The mommy blogosphere fills the family life and parenting section of the Internet. These mommy bloggers seem like experts. They have devoted their all to their families. These women are sacrificing time, energy and dreams to build society. Their sacrifice makes possible the continuation of the arts, the sciences, literature, philosophy, technology, governments - anything that requires responsible and intelligent people.
However, mommy blogs will not provide you with the most accurate view of family life. After reading too many mommy blogs, you might believe...
There are mothers who craft, deep clean their homes, cook three beautiful meals, spend meaningful time with each member of their family, throw beautiful birthday parties, and dress to the nines - every single day.
To quote (the 2005 movie, Pride and Prejudice) Elizabeth Bennett, "I never saw such a woman. She would certainly be a fearsome thing to behold."
This misconception is an example of what I like to call "the perfect husband" phenomenon. It goes something like this.
Four wives sit down and talk about why they love their husbands. One woman says she loves her husband's foot rubs. Another woman's husband cooks dinner every night. Another lucky wife receives love poetry from her husband, and the last appreciates that her husband goes on one-on-one outings with the kids. The first wife walks away wishing her husband would help with domestic duties, the second wishes her husband was more romantic, the third wished her husband spent more time with the kids, and the fourth wife is unhappy because she can't remember the last time her husband gave her a foot rub.
Many mommy bloggers have an expertise that is the focus of their blog. Some have cooking blogs, some have parenting blogs, some focus on household management, and some just want to share pictures and funny stories for the grandmas.
"But what about THIS blog?" you wail. "She posts pictures of delicious cupcakes, perfectly-styled children, date ideas, AND promotes her charity."
Yes, but does she do everything on the same day? On the day of the perfect cupcakes, she had a sink full of dishes. On the day of the perfectly-styled children, she didn't shower. On the day of the perfect date, her children watched hours of television.
We might be able to do it all, but not every day.
Motherhood is full of baby smiles, darling outfits and kids who never sass
You can't blame a mother for not wanting to air her dirty laundry (literally) in public. It can be much more fun to blog about the funny comment of a preschooler, or how your two-month-old just rolled over.
But, the reader might not realize the truth. There are baby smiles, but sometimes they come right after the baby spits up all over the darling outfit. The well-behaved child will do something you don't approve of. And for every cherubic photograph, there are 20 blurry pictures and 10 pictures of the little angel screaming or grimacing.
Life is hard, funny, messy, boring, exciting, long and short. Why should parenting be different?
Motherhood is an endless drudgery of dirty diapers, no sleep and tantrums in Toys R Us
In response to the picture perfect mommy blogs, the Internet has seen a movement of bloggers wanting to tell the "truth" about parenting. This can be a wonderful support group for people who already have children. A frazzled mom can sit down and read another parent's account of an eventful diaper change. Suddenly, she doesn't feel alone, and life feels manageable again.
But, parents are not the only readers, and the exaggerations that make the stories humorous are less clear to someone who hasn't been there. The reader is now ready to take drastic measures to ensure childlessness.

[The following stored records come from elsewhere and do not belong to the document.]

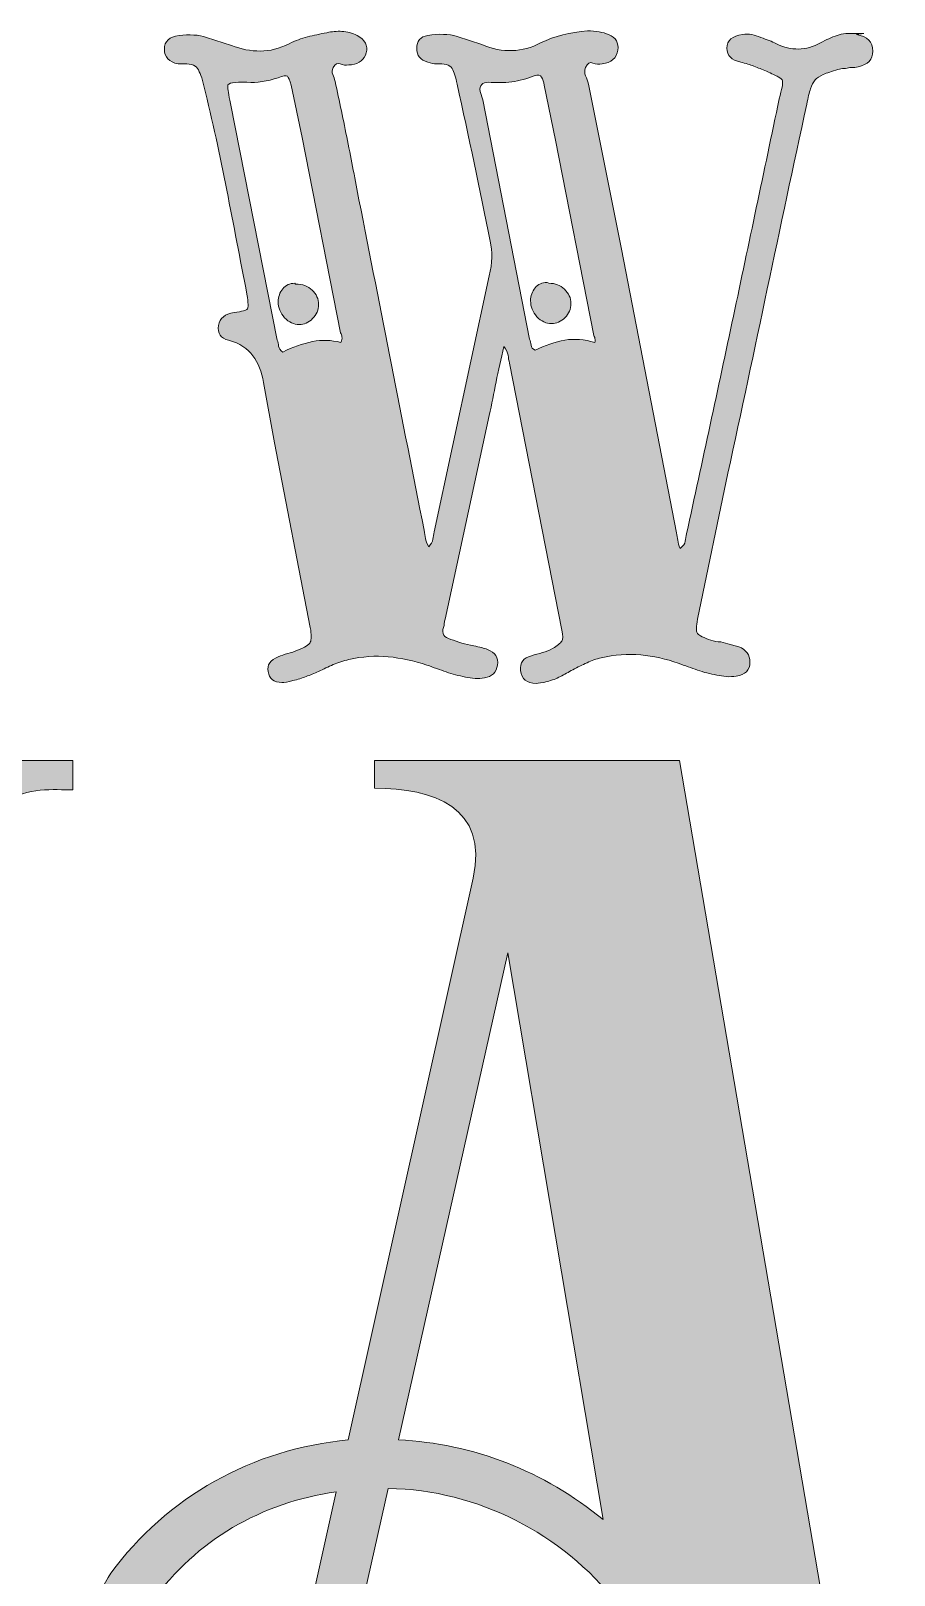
# Model space of a CAD drawing. Header units: inches. Extents: x 29 to 1051, y -1025 to -55.
# Drawn here: x 724.2 to 833.8, y -744.2 to -547.9 of the extents above; entities that cross this region are included whole.
import ezdxf

# ---------------------------------------------------------------- set-up
doc = ezdxf.new("R2010")
doc.units = ezdxf.units.IN
doc.header["$MEASUREMENT"] = 0
doc.layers.add('Layer 1', color=7, linetype='Continuous')

# ---------------------------------------------------------------- blocks, each defined once
blk = doc.blocks.new('block 2')
at = {"layer": 'Layer 1', "true_color": 0x71020c}
h = blk.add_hatch(color=16, dxfattribs=at)
h.dxf.hatch_style = 2
edge = h.paths.add_edge_path()
edge.add_spline(control_points=[(812.72, -604.16), (814.43, -596.31), (816.1, -588.49), (817.73, -580.72), (819.37, -572.95), (821.04, -565.13), (822.75, -557.28), (822.9, -556.42), (823.06, -555.76), (823.22, -555.3), (823.37, -554.83), (823.56, -554.46), (823.8, -554.19), (824.03, -553.92), (824.38, -553.68), (824.85, -553.49), (825.31, -553.3), (825.93, -553.08), (826.71, -552.85), (826.95, -552.77), (827.2, -552.73), (827.47, -552.73), (827.74, -552.73), (827.99, -552.69), (828.23, -552.61), (828.69, -552.61), (829.05, -552.58), (829.28, -552.5), (830.52, -552.26), (831.14, -551.6), (831.14, -550.51), (831.14, -549.35), (830.45, -548.65), (829.05, -548.42), (829.05, -548.42), (829.98, -548.3), (829.98, -548.3), (829.98, -548.3), (828.93, -548.3), (828.93, -548.3), (828.07, -548.22), (827.3, -548.3), (826.6, -548.53), (825.9, -548.77), (825.2, -549.08), (824.5, -549.46), (822.63, -550.48), (820.76, -550.51), (818.9, -549.58), (818.59, -549.43), (818.28, -549.29), (817.97, -549.17), (817.65, -549.06), (817.31, -548.92), (816.92, -548.77), (816.53, -548.61), (816.14, -548.49), (815.75, -548.42), (815.36, -548.34), (814.97, -548.34), (814.59, -548.42), (813.26, -548.57), (812.6, -549.16), (812.6, -550.16), (812.6, -551.1), (813.18, -551.68), (814.35, -551.91), (814.97, -552.07), (815.54, -552.24), (816.04, -552.44), (816.55, -552.63), (817.07, -552.85), (817.62, -553.08), (818.32, -553.39), (818.82, -553.62), (819.13, -553.78), (819.44, -553.94), (819.62, -554.11), (819.66, -554.3), (819.7, -554.5), (819.67, -554.77), (819.6, -555.12), (819.52, -555.47), (819.4, -555.96), (819.25, -556.58), (817.31, -565.83), (815.36, -575.04), (813.42, -584.22), (811.47, -593.39), (809.49, -602.6), (807.47, -611.85), (807.39, -612.17), (807.33, -612.48), (807.3, -612.79), (807.26, -613.1), (807.04, -613.41), (806.66, -613.72), (806.5, -613.33), (806.4, -612.98), (806.36, -612.67), (806.32, -612.36), (806.27, -612.05), (806.19, -611.74), (806.19, -611.74), (799.19, -575.7), (799.19, -575.7), (799.19, -575.7), (794.99, -554.71), (794.99, -554.71), (794.91, -554.32), (794.8, -553.97), (794.64, -553.66), (794.49, -553.35), (794.49, -553), (794.64, -552.61), (794.88, -552.07), (795.19, -551.88), (795.58, -552.03), (795.96, -552.19), (796.35, -552.23), (796.74, -552.15), (797.91, -551.99), (798.57, -551.41), (798.73, -550.4), (798.88, -549.46), (798.49, -548.81), (797.56, -548.42), (796.86, -548.11), (795.96, -547.95), (794.88, -547.95), (792.7, -548.11), (790.72, -548.61), (788.93, -549.46), (786.6, -550.71), (784.11, -550.79), (781.47, -549.7), (781.47, -549.7), (778.32, -548.65), (778.32, -548.65), (777.23, -548.34), (775.99, -548.3), (774.58, -548.53), (773.65, -548.69), (773.19, -549.23), (773.19, -550.16), (773.19, -551.1), (773.65, -551.68), (774.58, -551.91), (775.05, -552.07), (775.4, -552.15), (775.64, -552.15), (776.72, -552.07), (777.4, -552.26), (777.68, -552.73), (777.95, -553.2), (778.16, -553.86), (778.32, -554.71), (779.79, -561.4), (781.19, -568.05), (782.51, -574.65), (782.83, -575.98), (782.79, -577.45), (782.4, -579.09), (782.4, -579.09), (775.4, -611.62), (775.4, -611.62), (775.32, -611.93), (775.26, -612.24), (775.23, -612.55), (775.19, -612.87), (775.01, -613.18), (774.7, -613.49), (774.47, -613.1), (774.33, -612.75), (774.29, -612.44), (774.25, -612.13), (774.2, -611.78), (774.12, -611.39), (772.72, -604.31), (771.34, -597.32), (769.98, -590.4), (768.62, -583.48), (767.24, -576.48), (765.84, -569.41), (765.37, -566.92), (764.89, -564.41), (764.38, -561.88), (763.88, -559.36), (763.35, -556.85), (762.81, -554.36), (762.73, -554.05), (762.63, -553.76), (762.51, -553.49), (762.4, -553.22), (762.42, -552.93), (762.57, -552.61), (762.81, -552.15), (763.1, -551.99), (763.45, -552.15), (763.8, -552.3), (764.17, -552.34), (764.56, -552.26), (764.56, -552.26), (764.91, -552.26), (764.91, -552.26), (765.91, -552.11), (766.54, -551.6), (766.77, -550.75), (767, -549.81), (766.62, -549.08), (765.61, -548.53), (764.98, -548.22), (764.34, -548.05), (763.68, -548.01), (763.02, -547.97), (762.38, -548.03), (761.76, -548.18), (760.9, -548.34), (760.09, -548.51), (759.31, -548.71), (758.53, -548.9), (757.75, -549.19), (756.98, -549.58), (755.73, -550.2), (754.51, -550.51), (753.3, -550.51), (752.1, -550.51), (750.87, -550.28), (749.63, -549.81), (749.63, -549.81), (746.48, -548.77), (746.48, -548.77), (745.47, -548.45), (744.3, -548.38), (742.98, -548.53), (741.74, -548.69), (741.12, -549.27), (741.12, -550.28), (741.12, -551.29), (741.7, -551.91), (742.87, -552.15), (742.87, -552.15), (743.22, -552.15), (743.22, -552.15), (744.3, -552.07), (745, -552.26), (745.32, -552.73), (745.63, -553.2), (745.9, -553.94), (746.13, -554.95), (747.22, -559.38), (748.19, -563.79), (749.05, -568.18), (749.9, -572.58), (750.75, -576.99), (751.61, -581.42), (751.77, -582.51), (751.79, -583.13), (751.67, -583.28), (751.55, -583.44), (750.99, -583.6), (749.98, -583.75), (748.81, -583.91), (748.15, -584.45), (748, -585.38), (747.84, -586.39), (748.27, -587.02), (749.28, -587.25), (750.68, -587.64), (751.71, -588.3), (752.37, -589.23), (753.03, -590.16), (753.48, -591.29), (753.71, -592.61), (753.71, -592.61), (755.11, -600.31), (755.11, -600.31), (755.11, -600.31), (759.66, -623.75), (759.66, -623.75), (759.81, -624.68), (759.81, -625.31), (759.66, -625.62), (759.5, -625.93), (758.96, -626.28), (758.03, -626.66), (757.64, -626.82), (757.23, -626.95), (756.8, -627.07), (756.37, -627.19), (755.97, -627.33), (755.58, -627.48), (754.57, -627.87), (754.14, -628.49), (754.29, -629.35), (754.45, -630.28), (755.03, -630.74), (756.04, -630.74), (756.35, -630.74), (756.82, -630.67), (757.44, -630.51), (758.06, -630.36), (758.63, -630.18), (759.13, -629.99), (759.64, -629.8), (760.16, -629.58), (760.71, -629.35), (761.33, -629.04), (761.95, -628.75), (762.57, -628.47), (763.2, -628.2), (763.86, -627.99), (764.56, -627.83), (766.26, -627.44), (767.94, -627.33), (769.57, -627.48), (771.2, -627.64), (772.84, -627.99), (774.47, -628.53), (775.32, -628.84), (776.14, -629.13), (776.92, -629.41), (777.69, -629.68), (778.51, -629.89), (779.37, -630.05), (779.75, -630.12), (780.16, -630.18), (780.59, -630.22), (781.02, -630.26), (781.42, -630.24), (781.81, -630.16), (782.75, -630.01), (783.29, -629.46), (783.45, -628.53), (783.6, -627.6), (783.18, -626.94), (782.16, -626.55), (781.78, -626.39), (781.19, -626.24), (780.42, -626.08), (779.87, -626.01), (779.37, -625.89), (778.9, -625.73), (778.43, -625.58), (777.97, -625.42), (777.5, -625.27), (776.64, -625.03), (776.34, -624.53), (776.57, -623.75), (776.64, -623.6), (776.69, -623.42), (776.69, -623.22), (776.69, -623.03), (776.72, -622.86), (776.8, -622.7), (776.8, -622.7), (782.4, -596.81), (782.4, -596.81), (782.71, -595.41), (783, -593.99), (783.27, -592.55), (783.54, -591.12), (783.88, -589.62), (784.27, -588.06), (784.57, -588.45), (784.75, -588.82), (784.79, -589.17), (784.83, -589.52), (784.89, -589.85), (784.96, -590.16), (784.96, -590.16), (791.61, -624.1), (791.61, -624.1), (791.77, -624.8), (791.77, -625.27), (791.61, -625.5), (791.46, -625.73), (791.07, -626.04), (790.45, -626.43), (790.06, -626.66), (789.63, -626.84), (789.16, -626.95), (788.7, -627.07), (788.23, -627.21), (787.76, -627.36), (786.75, -627.6), (786.29, -628.22), (786.36, -629.23), (786.52, -630.32), (787.18, -630.86), (788.35, -630.86), (788.66, -630.86), (789.12, -630.79), (789.74, -630.63), (790.37, -630.47), (790.93, -630.26), (791.44, -629.99), (791.94, -629.72), (792.47, -629.42), (793.01, -629.12), (793.63, -628.8), (794.23, -628.51), (794.82, -628.24), (795.4, -627.97), (796, -627.75), (796.63, -627.6), (798.34, -627.21), (800.01, -627.09), (801.64, -627.25), (803.27, -627.4), (804.87, -627.75), (806.42, -628.3), (807.28, -628.61), (808.09, -628.9), (808.87, -629.17), (809.65, -629.45), (810.46, -629.66), (811.32, -629.81), (811.71, -629.89), (812.12, -629.95), (812.54, -629.99), (812.97, -630.03), (813.38, -630.01), (813.77, -629.93), (814.94, -629.77), (815.52, -629.19), (815.52, -628.18), (815.52, -627.25), (815.05, -626.59), (814.12, -626.2), (814.12, -626.2), (812.72, -625.85), (812.72, -625.85), (812.33, -625.69), (811.92, -625.6), (811.5, -625.56), (811.07, -625.52), (810.66, -625.42), (810.27, -625.27), (809.41, -624.96), (808.93, -624.68), (808.81, -624.45), (808.69, -624.22), (808.71, -623.63), (808.87, -622.7), (808.87, -622.7), (812.72, -604.16), (812.72, -604.16)], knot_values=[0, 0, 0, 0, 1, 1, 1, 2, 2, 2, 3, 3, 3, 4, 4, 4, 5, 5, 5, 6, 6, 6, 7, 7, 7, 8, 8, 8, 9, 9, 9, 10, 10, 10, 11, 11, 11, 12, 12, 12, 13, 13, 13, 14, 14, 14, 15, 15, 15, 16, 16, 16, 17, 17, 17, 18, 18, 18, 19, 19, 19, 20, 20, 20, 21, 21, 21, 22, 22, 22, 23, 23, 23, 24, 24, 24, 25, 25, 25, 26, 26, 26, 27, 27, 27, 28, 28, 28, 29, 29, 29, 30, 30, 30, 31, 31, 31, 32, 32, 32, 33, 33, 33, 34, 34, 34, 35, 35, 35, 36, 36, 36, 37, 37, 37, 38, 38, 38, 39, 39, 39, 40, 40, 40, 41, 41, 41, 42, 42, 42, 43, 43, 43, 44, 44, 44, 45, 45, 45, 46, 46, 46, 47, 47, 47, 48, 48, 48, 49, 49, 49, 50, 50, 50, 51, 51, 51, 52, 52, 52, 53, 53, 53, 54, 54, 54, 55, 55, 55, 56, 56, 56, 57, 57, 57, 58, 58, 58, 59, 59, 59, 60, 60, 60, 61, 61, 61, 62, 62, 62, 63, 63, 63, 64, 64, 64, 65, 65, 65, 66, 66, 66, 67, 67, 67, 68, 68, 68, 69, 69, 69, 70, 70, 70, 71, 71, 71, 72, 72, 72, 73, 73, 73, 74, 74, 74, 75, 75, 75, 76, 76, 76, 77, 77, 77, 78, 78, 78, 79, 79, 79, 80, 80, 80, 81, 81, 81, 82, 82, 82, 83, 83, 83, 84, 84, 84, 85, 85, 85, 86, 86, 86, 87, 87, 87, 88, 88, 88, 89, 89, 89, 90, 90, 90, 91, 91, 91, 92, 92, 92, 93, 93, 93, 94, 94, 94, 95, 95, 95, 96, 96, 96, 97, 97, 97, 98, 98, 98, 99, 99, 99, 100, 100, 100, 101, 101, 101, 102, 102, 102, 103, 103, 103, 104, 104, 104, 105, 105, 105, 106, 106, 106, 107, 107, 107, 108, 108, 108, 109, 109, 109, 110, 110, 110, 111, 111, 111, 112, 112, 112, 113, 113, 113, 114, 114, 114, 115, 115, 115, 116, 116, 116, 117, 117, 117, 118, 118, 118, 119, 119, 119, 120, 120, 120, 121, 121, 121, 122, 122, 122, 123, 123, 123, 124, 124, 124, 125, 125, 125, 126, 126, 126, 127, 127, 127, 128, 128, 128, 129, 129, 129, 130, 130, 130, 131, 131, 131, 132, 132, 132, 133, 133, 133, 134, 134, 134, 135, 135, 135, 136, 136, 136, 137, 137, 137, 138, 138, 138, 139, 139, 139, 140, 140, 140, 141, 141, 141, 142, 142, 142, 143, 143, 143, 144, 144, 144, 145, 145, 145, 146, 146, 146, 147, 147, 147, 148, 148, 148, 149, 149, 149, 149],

Toddlers are fascinated with the contents of their diapers. New babies wake up in the night. If you take a tired 5-year-old to Toys R Us and walk him past the newest Lego set, a tantrum is likely. But children do grow up.
Even in the moment, it is better than the blogs. There are experiences to which words just can't do justice. Most parents don't even try. Some parents do share these moments, but their words almost always fall flat.
In a movie called, "The Back-Up Plan," one man asks another what it's like to be a parent. The father responds that it is "awful, awful, awful" but then "something amazing" happens, and it makes everything else worth it. I don't entirely agree with this character (I don't feel the word "awful" is accurate or helpful), but there is truth in his words. Families require difficult things and gross things, big sacrifices and small ones. And then something small, simple and miraculous happens. In that moment, it is all worth it.
I'm not going to call on mommy bloggers to change. There is nothing wrong with sharing the beautiful parts of life in the spirit of preserving memories and uplifting others. There is also nothing wrong with needing a place to constructively vent and relate to other parents. There are extremes on both sides, but moderation, humility and a sense of humor can maintain balance.
I am asking that readers of mommy blogs keep perspective. These blogs can be a great resource, but they are hurtful when read with the wrong eyes. These blogs contain real stories from real people, but they are a form of fiction. The experiences become garbled, and important pieces are lost.
So read the mommy blogs. Read for the recipes. Read for the advice. Read for the cute stories and darling kids. Read for a glimpse of a different life.
Just know that the mommy blogs don't get it all right, and so, in some ways, they have it all wrong.